Given information Block Start
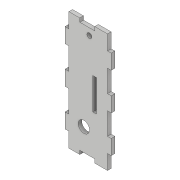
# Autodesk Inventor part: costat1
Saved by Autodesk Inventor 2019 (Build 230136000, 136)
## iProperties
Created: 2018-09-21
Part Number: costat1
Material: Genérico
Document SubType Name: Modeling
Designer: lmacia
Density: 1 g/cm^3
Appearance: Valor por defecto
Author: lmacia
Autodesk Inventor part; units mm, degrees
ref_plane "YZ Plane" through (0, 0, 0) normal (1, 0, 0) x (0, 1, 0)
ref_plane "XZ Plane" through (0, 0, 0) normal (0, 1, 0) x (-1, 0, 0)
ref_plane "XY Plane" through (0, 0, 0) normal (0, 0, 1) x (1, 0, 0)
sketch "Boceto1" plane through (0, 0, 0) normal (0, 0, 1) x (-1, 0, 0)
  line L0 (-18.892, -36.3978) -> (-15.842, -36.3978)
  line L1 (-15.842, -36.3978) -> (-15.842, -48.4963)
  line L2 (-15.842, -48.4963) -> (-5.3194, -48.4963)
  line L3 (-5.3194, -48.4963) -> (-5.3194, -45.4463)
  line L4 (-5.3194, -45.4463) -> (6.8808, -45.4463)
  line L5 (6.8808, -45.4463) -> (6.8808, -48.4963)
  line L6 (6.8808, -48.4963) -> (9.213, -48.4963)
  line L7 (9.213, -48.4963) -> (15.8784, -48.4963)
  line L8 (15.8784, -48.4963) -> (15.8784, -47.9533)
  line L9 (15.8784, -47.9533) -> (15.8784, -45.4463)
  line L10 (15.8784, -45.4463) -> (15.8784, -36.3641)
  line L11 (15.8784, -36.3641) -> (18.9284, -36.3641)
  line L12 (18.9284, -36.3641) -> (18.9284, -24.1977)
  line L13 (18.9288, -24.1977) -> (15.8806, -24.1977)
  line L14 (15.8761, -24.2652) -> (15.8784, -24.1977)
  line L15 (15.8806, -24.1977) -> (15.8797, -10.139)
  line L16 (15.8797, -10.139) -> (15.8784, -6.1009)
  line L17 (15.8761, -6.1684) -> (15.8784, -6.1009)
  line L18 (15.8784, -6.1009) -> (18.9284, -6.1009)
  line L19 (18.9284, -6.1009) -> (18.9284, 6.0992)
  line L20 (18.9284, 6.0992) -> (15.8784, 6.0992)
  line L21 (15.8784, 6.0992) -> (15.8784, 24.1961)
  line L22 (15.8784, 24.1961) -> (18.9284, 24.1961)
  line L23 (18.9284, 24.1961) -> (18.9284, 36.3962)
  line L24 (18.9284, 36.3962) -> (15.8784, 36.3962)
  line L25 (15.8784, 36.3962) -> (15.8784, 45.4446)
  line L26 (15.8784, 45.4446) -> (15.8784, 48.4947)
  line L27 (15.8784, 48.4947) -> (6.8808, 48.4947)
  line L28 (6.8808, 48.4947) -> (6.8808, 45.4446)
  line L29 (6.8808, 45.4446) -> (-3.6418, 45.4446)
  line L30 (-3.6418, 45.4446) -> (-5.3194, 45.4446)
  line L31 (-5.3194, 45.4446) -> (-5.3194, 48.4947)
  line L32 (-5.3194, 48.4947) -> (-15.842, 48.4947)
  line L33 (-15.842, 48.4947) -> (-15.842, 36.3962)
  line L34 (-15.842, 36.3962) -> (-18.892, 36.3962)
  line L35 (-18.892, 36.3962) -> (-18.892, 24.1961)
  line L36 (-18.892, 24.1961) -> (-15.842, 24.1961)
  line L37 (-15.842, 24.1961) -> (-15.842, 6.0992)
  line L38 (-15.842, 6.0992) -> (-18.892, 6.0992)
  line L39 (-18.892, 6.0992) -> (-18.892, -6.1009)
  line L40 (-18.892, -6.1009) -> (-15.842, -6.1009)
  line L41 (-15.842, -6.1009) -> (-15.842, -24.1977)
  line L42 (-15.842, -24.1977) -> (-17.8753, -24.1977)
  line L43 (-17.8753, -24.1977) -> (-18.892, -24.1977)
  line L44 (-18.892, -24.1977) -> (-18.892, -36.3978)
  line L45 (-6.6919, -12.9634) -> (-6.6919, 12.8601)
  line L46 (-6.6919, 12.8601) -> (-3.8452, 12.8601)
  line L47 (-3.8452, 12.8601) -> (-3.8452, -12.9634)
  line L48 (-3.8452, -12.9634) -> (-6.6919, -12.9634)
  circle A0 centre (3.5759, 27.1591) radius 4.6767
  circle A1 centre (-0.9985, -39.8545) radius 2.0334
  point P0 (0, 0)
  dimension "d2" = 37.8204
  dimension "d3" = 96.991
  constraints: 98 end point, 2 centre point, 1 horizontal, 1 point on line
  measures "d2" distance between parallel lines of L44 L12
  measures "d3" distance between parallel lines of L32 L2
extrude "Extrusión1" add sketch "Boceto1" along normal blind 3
Given information Block End
**Task goal**
Search the records above for the word "between" and give the number of lines where it occurs, nothing else.

**Solution below**
2